There is a fine Heaney concert from 1983 (not long before he died) at this site:

http://www.joeheaney.org/default.asp?contentID=1180

12:14 pm  
Anonymous Elmer Gantry said...

Speaking of Joe Heaney, there is an excellent new book about him by Sean williams and Lillis O Laore: Bright Star of the West, Joe Heaney: Irish Song Man. The blurb for it runs as follows:

'Bright Star of the West traces the life, repertoire, and influence of Joe Heaney, Ireland's greatest sean-nós ("old style") singer. Born in 1919, Joe Heaney grew up in a politically volatile time, as his native Ireland became a democracy. He found work and relative fame as a singer in London before moving to Scotland. Eventually, like many others searching for greater opportunity, he emigrated to the United States, where he worked as a doorman while supplementing his income with appearances at folk festivals, concerts and clubs. As his reputation and following grew, Heaney gained entry to the folk music scene and began leading workshops as a visiting artist at several universities. In 1982 the National Endowment for the Arts awarded Heaney America's highest honor in folk and traditional arts, the prestigious National Heritage Fellowship. Heaney's works did not become truly popular in his homeland until many years after his death. Today he is hailed as a seminal figure of traditional song and is revered by those who follow traditional music.

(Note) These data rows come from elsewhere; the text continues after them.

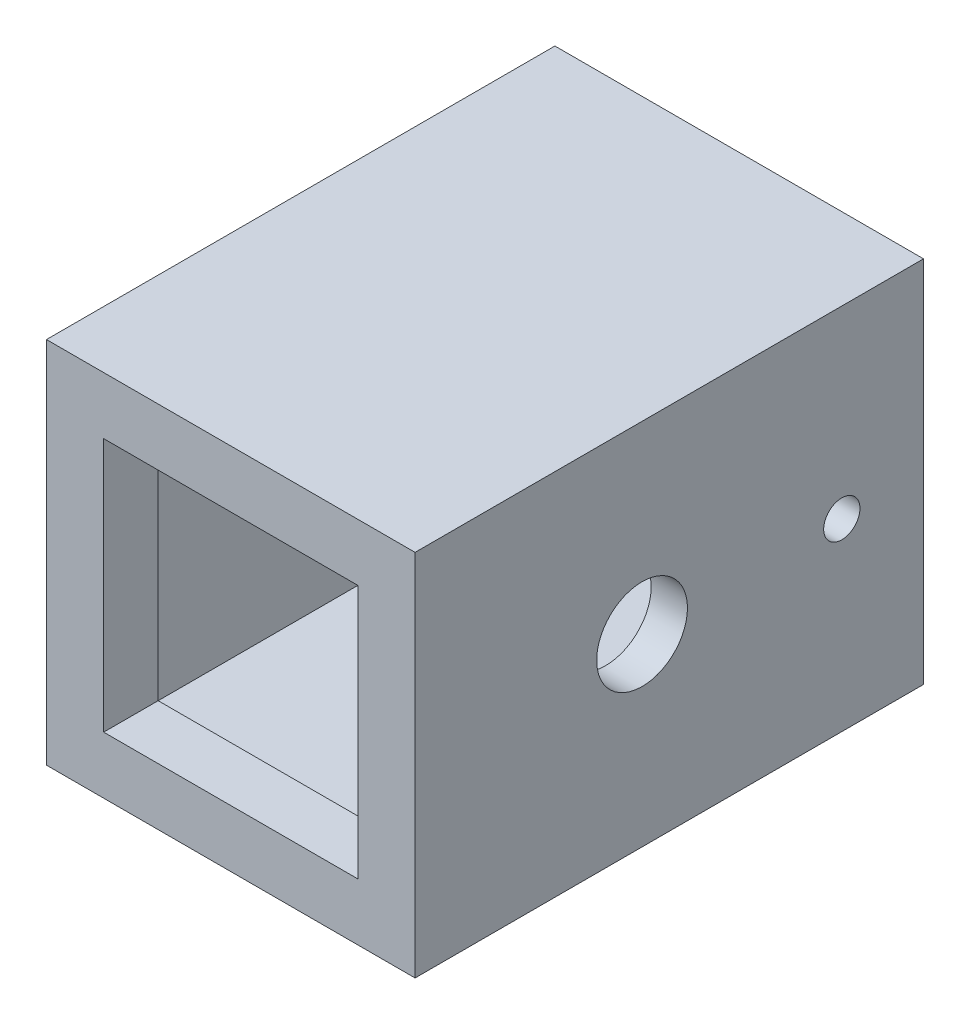
SolidWorks part; units mm, degrees
ref_plane "Front Plane" through (0, 0, 0) normal (0, 0, 1) x (1, 0, 0)
ref_plane "Top Plane" through (0, 0, 0) normal (0, 1, 0) x (1, 0, 0)
ref_plane "Right Plane" through (0, 0, 0) normal (1, 0, 0) x (0, 0, -1)
ref_axis "Axis1" through (0, 0, 0.5) along (0, 0, -1)
sketch "Sketch1" plane through (0, 0, 0) normal (0, 0, 1) x (1, 0, 0)
  line L5 (-10.15, -10.15) -> (10.15, -10.15)
  line L14 (-10.15, -10.15) -> (-10.15, 10.15)
  line L15 (-10.15, 10.15) -> (10.15, 10.15)
  line L16 (10.15, -10.15) -> (10.15, 10.15)
  line L17 (-10.15, -10.15) -> (10.15, 10.15) construction
  line L18 (-10.15, 10.15) -> (10.15, -10.15) construction
  line L19 (-8.15, -8.15) -> (8.15, -8.15)
  line L20 (-8.15, -8.15) -> (-8.15, 8.15)
  line L21 (-8.15, 8.15) -> (8.15, 8.15)
  line L22 (8.15, -8.15) -> (8.15, 8.15)
  line L23 (-8.15, -8.15) -> (8.15, 8.15) construction
  line L24 (-8.15, 8.15) -> (8.15, -8.15) construction
  point P0 (0, 0)
  point P6 (0, 0)
  dimension "D1" = 16.3
  dimension "D2" = 2
extrude "Boss-Extrude1" add sketch "Sketch1" against normal blind 25
sketch "Sketch2" plane through (0, 0, 0) normal (0, 0, 1) x (1, 0, 0)
  line L1 (10.15, 10.15) -> (-10.15, 10.15)
  line L2 (10.15, 10.15) -> (10.15, -10.15)
  line L3 (10.15, -10.15) -> (-10.15, -10.15)
  line L4 (-10.15, 10.15) -> (-10.15, -10.15)
  line L5 (-7, -7) -> (7, -7)
  line L6 (-7, -7) -> (-7, 7)
  line L7 (-7, 7) -> (7, 7)
  line L8 (7, -7) -> (7, 7)
  line L9 (-7, -7) -> (7, 7) construction
  line L10 (-7, 7) -> (7, -7) construction
  point P4 (0, 0)
extrude "Boss-Extrude2" add sketch "Sketch2" along normal blind 3
sketch "Sketch3" plane through (10.15, 0, 0) normal (1, 0, 0) x (0, 0, -1)
  arc A0 (6.4381, 5.875) -> (6.4381, -5.875) centre (9.5, 0) ccw construction
  arc A1 (6.4381, 5.875) -> (6.4381, -5.875) centre (9.5, 0) ccw construction
  circle A2 centre (20.5, 0) radius 3 construction
  circle A3 centre (20.5, 0) radius 3 construction
  circle A4 centre (20.5, 0) radius 1
  circle A6 centre (9.5, 0) radius 2.5
  dimension "D1" = 2
  dimension "D2" = 5
extrude "Cut-Extrude1" cut sketch "Sketch3" against normal through all
fillet "Fillet1" radius 1 4 edges at (-8.15, 0, -25) (0, -8.15, -25) (8.15, 0, -25) (0, 8.15, -25)

Authors Sean Williams and Lillis Ó Laoire address larger questions about song, identity, and culture. They explore the deep ambivalence both the Irish and Irish-Americans felt toward the traditional aspects of their culture, examining other critical issues, such as gender and masculinity, authenticity, and contemporary marketing and consumption of sean-nos singing in both Ireland and the United States. Comingling Heaney's own words with the authors' comprehensive research and analysis, Bright Star of the West weaves a poignant critical biography of the man, the music, and his continuing legacy in Ireland and the United States.'

It seems to me that many of the issues the book deals with it - questions of authenticity, the tension between musical purists and artists seeking to find their own voice and the ambivalence felt by an audience which connected heaney's music with poverty & backwardness link in with similar issues faced by the great bluesmen.